* [Exercise objective]:
Exactly the lines from the start of the data below through the line that contains "#5=PRODUCT_RELATED_PRODUCT_CATEGORY('part','',(#4));" are to be copied, with pictures left out.
*** Opening Input records ***
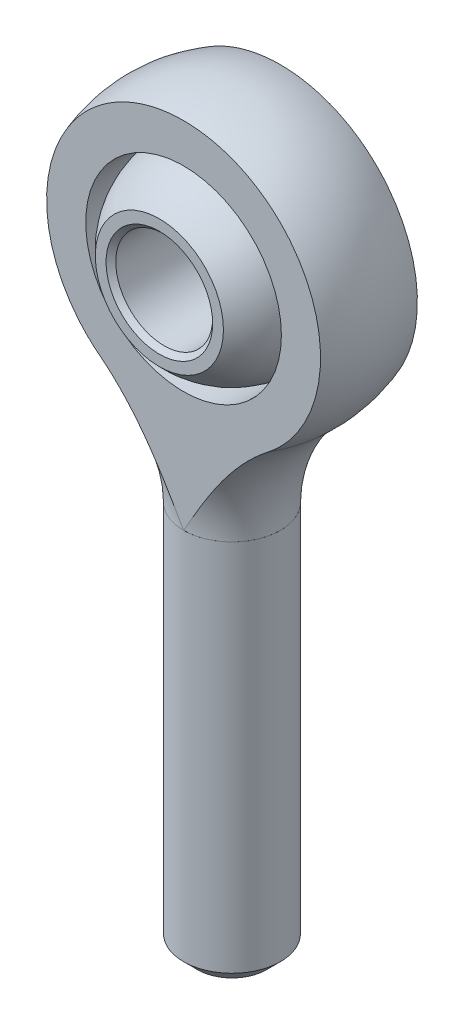
ISO-10303-21;
HEADER;
FILE_DESCRIPTION(('STEP AP214'),'2;1');
FILE_NAME('part.step','',(''),(''),'','','');
FILE_SCHEMA(('AUTOMOTIVE_DESIGN { 1 0 10303 214 1 1 1 1 }'));
ENDSEC;
DATA;
#1=APPLICATION_CONTEXT('core data for automotive mechanical design processes');
#2=APPLICATION_PROTOCOL_DEFINITION('international standard','automotive_design',2000,#1);
#3=PRODUCT_CONTEXT('',#1,'mechanical');
#4=PRODUCT('Part','Part','',(#3));
#5=PRODUCT_RELATED_PRODUCT_CATEGORY('part','',(#4));
#6=PRODUCT_DEFINITION_FORMATION('','',#4);
#7=PRODUCT_DEFINITION_CONTEXT('part definition',#1,'design');
#8=PRODUCT_DEFINITION('design','',#6,#7);
#9=PRODUCT_DEFINITION_SHAPE('','',#8);
#10=(LENGTH_UNIT() NAMED_UNIT(*) SI_UNIT(.MILLI.,.METRE.));
#11=(NAMED_UNIT(*) PLANE_ANGLE_UNIT() SI_UNIT($,.RADIAN.));
#12=(NAMED_UNIT(*) SI_UNIT($,.STERADIAN.) SOLID_ANGLE_UNIT());
#13=UNCERTAINTY_MEASURE_WITH_UNIT(LENGTH_MEASURE(1.E-05),#10,'distance_accuracy_value','');
#14=(GEOMETRIC_REPRESENTATION_CONTEXT(3) GLOBAL_UNCERTAINTY_ASSIGNED_CONTEXT((#13)) GLOBAL_UNIT_ASSIGNED_CONTEXT((#10,
#11,#12)) REPRESENTATION_CONTEXT('',''));
#15=CARTESIAN_POINT('',(0.,0.,0.));
#16=DIRECTION('',(0.,0.,1.));
#17=DIRECTION('',(1.,0.,0.));
#18=AXIS2_PLACEMENT_3D('',#15,#16,#17);
#19=CARTESIAN_POINT('',(0.,14.2875,0.));
#20=DIRECTION('',(0.,-1.,0.));
#21=DIRECTION('',(-1.,0.,0.));
#22=AXIS2_PLACEMENT_3D('',#19,#20,#21);
#23=SPHERICAL_SURFACE('',#22,6.35);
#24=CARTESIAN_POINT('',(0.,14.2875,0.));
#25=DIRECTION('',(0.,0.,1.));
#26=DIRECTION('',(1.,0.,0.));
#27=AXIS2_PLACEMENT_3D('',#24,#25,#26);
#28=SPHERICAL_SURFACE('',#27,6.35);
#29=CARTESIAN_POINT('',(0.,14.2875,-4.7625));
#30=DIRECTION('',(0.,0.,1.));
#31=DIRECTION('',(1.,0.,0.));
#32=AXIS2_PLACEMENT_3D('',#29,#30,#31);
#33=CIRCLE('',#32,4.20013020631503);
#34=CARTESIAN_POINT('',(4.20013020631503,14.2875,-4.7625));
#35=VERTEX_POINT('',#34);
#36=EDGE_CURVE('E72',#35,#35,#33,.F.);
#37=ORIENTED_EDGE('',*,*,#36,.F.);
#38=EDGE_LOOP('',(#37));
#39=FACE_BOUND('',#38,.T.);
#40=CARTESIAN_POINT('',(0.,14.2875,4.7625));
#41=DIRECTION('',(0.,0.,1.));
#42=DIRECTION('',(1.,0.,0.));
#43=AXIS2_PLACEMENT_3D('',#40,#41,#42);
#44=CIRCLE('',#43,4.20013020631504);
#45=CARTESIAN_POINT('',(4.20013020631504,14.2875,4.7625));
#46=VERTEX_POINT('',#45);
#47=EDGE_CURVE('E75',#46,#46,#44,.F.);
#48=ORIENTED_EDGE('',*,*,#47,.T.);
#49=EDGE_LOOP('',(#48));
#50=FACE_BOUND('',#49,.T.);
#51=ADVANCED_FACE('F52',(#39,#50),#28,.T.);
#52=CARTESIAN_POINT('',(0.,14.2875,-6.35));
#53=DIRECTION('',(0.,0.,1.));
#54=DIRECTION('',(1.,0.,0.));
#55=AXIS2_PLACEMENT_3D('',#52,#53,#54);
#56=CYLINDRICAL_SURFACE('',#55,3.175);
#57=CARTESIAN_POINT('',(0.,14.2875,-4.445));
#58=DIRECTION('',(0.,0.,1.));
#59=DIRECTION('',(1.,0.,0.));
#60=AXIS2_PLACEMENT_3D('',#57,#58,#59);
#61=CIRCLE('',#60,3.175);
#62=CARTESIAN_POINT('',(3.175,14.2875,-4.445));
#63=VERTEX_POINT('',#62);
#64=EDGE_CURVE('E63',#63,#63,#61,.F.);
#65=ORIENTED_EDGE('',*,*,#64,.T.);
#66=EDGE_LOOP('',(#65));
#67=FACE_BOUND('',#66,.T.);
#68=CARTESIAN_POINT('',(0.,14.2875,4.445));
#69=DIRECTION('',(0.,0.,1.));
#70=DIRECTION('',(1.,0.,0.));
#71=AXIS2_PLACEMENT_3D('',#68,#69,#70);
#72=CIRCLE('',#71,3.175);
#73=CARTESIAN_POINT('',(3.175,14.2875,4.445));
#74=VERTEX_POINT('',#73);
#75=EDGE_CURVE('E67',#74,#74,#72,.T.);
#76=ORIENTED_EDGE('',*,*,#75,.T.);
#77=EDGE_LOOP('',(#76));
#78=FACE_BOUND('',#77,.T.);
#79=ADVANCED_FACE('F90',(#67,#78),#56,.F.);
#80=CARTESIAN_POINT('',(0.,0.,-4.7625));
#81=DIRECTION('',(0.,0.,1.));
#82=DIRECTION('',(1.,0.,0.));
#83=AXIS2_PLACEMENT_3D('',#80,#81,#82);
#84=PLANE('',#83);
#85=CARTESIAN_POINT('',(0.,14.2875,-4.7625));
#86=DIRECTION('',(0.,0.,1.));
#87=DIRECTION('',(1.,0.,0.));
#88=AXIS2_PLACEMENT_3D('',#85,#86,#87);
#89=CIRCLE('',#88,3.4925);
#90=CARTESIAN_POINT('',(3.49250000000001,14.2875,-4.7625));
#91=VERTEX_POINT('',#90);
#92=EDGE_CURVE('E59',#91,#91,#89,.T.);
#93=ORIENTED_EDGE('',*,*,#92,.T.);
#94=EDGE_LOOP('',(#93));
#95=FACE_BOUND('',#94,.T.);
#96=ORIENTED_EDGE('',*,*,#36,.T.);
#97=EDGE_LOOP('',(#96));
#98=FACE_BOUND('',#97,.T.);
#99=ADVANCED_FACE('F83',(#95,#98),#84,.F.);
#100=CARTESIAN_POINT('',(0.,0.,4.7625));
#101=DIRECTION('',(0.,0.,1.));
#102=DIRECTION('',(1.,0.,0.));
#103=AXIS2_PLACEMENT_3D('',#100,#101,#102);
#104=PLANE('',#103);
#105=CARTESIAN_POINT('',(0.,14.2875,4.7625));
#106=DIRECTION('',(0.,0.,1.));
#107=DIRECTION('',(1.,0.,0.));
#108=AXIS2_PLACEMENT_3D('',#105,#106,#107);
#109=CIRCLE('',#108,3.4925);
#110=CARTESIAN_POINT('',(3.4925,14.2875,4.7625));
#111=VERTEX_POINT('',#110);
#112=EDGE_CURVE('E11',#111,#111,#109,.F.);
#113=ORIENTED_EDGE('',*,*,#112,.T.);
#114=EDGE_LOOP('',(#113));
#115=FACE_BOUND('',#114,.T.);
#116=ORIENTED_EDGE('',*,*,#47,.F.);
#117=EDGE_LOOP('',(#116));
#118=FACE_BOUND('',#117,.T.);
#119=ADVANCED_FACE('F80',(#115,#118),#104,.T.);
#120=CARTESIAN_POINT('',(0.,14.2875,-4.445));
#121=DIRECTION('',(0.,0.,-1.));
#122=DIRECTION('',(-1.,0.,0.));
#123=AXIS2_PLACEMENT_3D('',#120,#121,#122);
#124=CONICAL_SURFACE('',#123,3.175,0.785398163397453);
#125=ORIENTED_EDGE('',*,*,#92,.F.);
#126=EDGE_LOOP('',(#125));
#127=FACE_BOUND('',#126,.T.);
#128=ORIENTED_EDGE('',*,*,#64,.F.);
#129=EDGE_LOOP('',(#128));
#130=FACE_BOUND('',#129,.T.);
#131=ADVANCED_FACE('F82',(#127,#130),#124,.F.);
#132=CARTESIAN_POINT('',(0.,14.2875,4.7625));
#133=DIRECTION('',(0.,0.,1.));
#134=DIRECTION('',(1.,0.,0.));
#135=AXIS2_PLACEMENT_3D('',#132,#133,#134);
#136=CONICAL_SURFACE('',#135,3.4925,0.785398163397446);
#137=ORIENTED_EDGE('',*,*,#75,.F.);
#138=EDGE_LOOP('',(#137));
#139=FACE_BOUND('',#138,.T.);
#140=ORIENTED_EDGE('',*,*,#112,.F.);
#141=EDGE_LOOP('',(#140));
#142=FACE_BOUND('',#141,.T.);
#143=ADVANCED_FACE('F54',(#139,#142),#136,.F.);
#144=CLOSED_SHELL('',(#51,#79,#99,#119,#131,#143));
#145=MANIFOLD_SOLID_BREP('B2',#144);
#146=CARTESIAN_POINT('',(0.,0.,0.));
#147=DIRECTION('',(0.,1.,0.));
#148=DIRECTION('',(-1.,0.,0.));
#149=AXIS2_PLACEMENT_3D('',#146,#147,#148);
#150=TOROIDAL_SURFACE('',#149,12.8984375,9.72343749999999);
#151=CARTESIAN_POINT('',(0.,0.,0.));
#152=DIRECTION('',(0.,1.,0.));
#153=DIRECTION('',(-1.,0.,0.));
#154=AXIS2_PLACEMENT_3D('',#151,#152,#153);
#155=CIRCLE('',#154,3.175);
#156=CARTESIAN_POINT('',(0.,0.,3.175));
#157=VERTEX_POINT('',#156);
#158=CARTESIAN_POINT('',(0.,0.,-3.175));
#159=VERTEX_POINT('',#158);
#160=EDGE_CURVE('E195',#157,#159,#155,.T.);
#161=ORIENTED_EDGE('',*,*,#160,.T.);
#162=CARTESIAN_POINT('',(0.,0.,-3.17500000000001));
#163=CARTESIAN_POINT('',(0.00326153280940056,0.00570768458317873,-3.17500000000001));
#164=CARTESIAN_POINT('',(0.00652306727261801,0.0114153698479134,-3.17500000000002));
#165=CARTESIAN_POINT('',(0.273129494115397,0.477974240381225,-3.17500000000035));
#166=CARTESIAN_POINT('',(0.536560192569003,0.938786382511719,-3.17500000000011));
#167=CARTESIAN_POINT('',(1.075662654448,1.853227853926,-3.17499999999993));
#168=CARTESIAN_POINT('',(1.3513322312136,2.30685844681078,-3.17499999999999));
#169=CARTESIAN_POINT('',(1.92559609433375,3.19894900715909,-3.17500000000004));
#170=CARTESIAN_POINT('',(2.22416629490616,3.63742422867979,-3.17500000000002));
#171=CARTESIAN_POINT('',(2.8530989562683,4.49102276264757,-3.17500000000001));
#172=CARTESIAN_POINT('',(3.18344395160262,4.90615870724843,-3.17500000000001));
#173=CARTESIAN_POINT('',(3.77466960906392,5.58162755340587,-3.17500000000001));
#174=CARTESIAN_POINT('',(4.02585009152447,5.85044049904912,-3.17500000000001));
*** Closing Input records ***
* [Your solution]:
ISO-10303-21;
HEADER;
FILE_DESCRIPTION(('STEP AP214'),'2;1');
FILE_NAME('part.step','',(''),(''),'','','');
FILE_SCHEMA(('AUTOMOTIVE_DESIGN { 1 0 10303 214 1 1 1 1 }'));
ENDSEC;
DATA;
#1=APPLICATION_CONTEXT('core data for automotive mechanical design processes');
#2=APPLICATION_PROTOCOL_DEFINITION('international standard','automotive_design',2000,#1);
#3=PRODUCT_CONTEXT('',#1,'mechanical');
#4=PRODUCT('Part','Part','',(#3));
#5=PRODUCT_RELATED_PRODUCT_CATEGORY('part','',(#4));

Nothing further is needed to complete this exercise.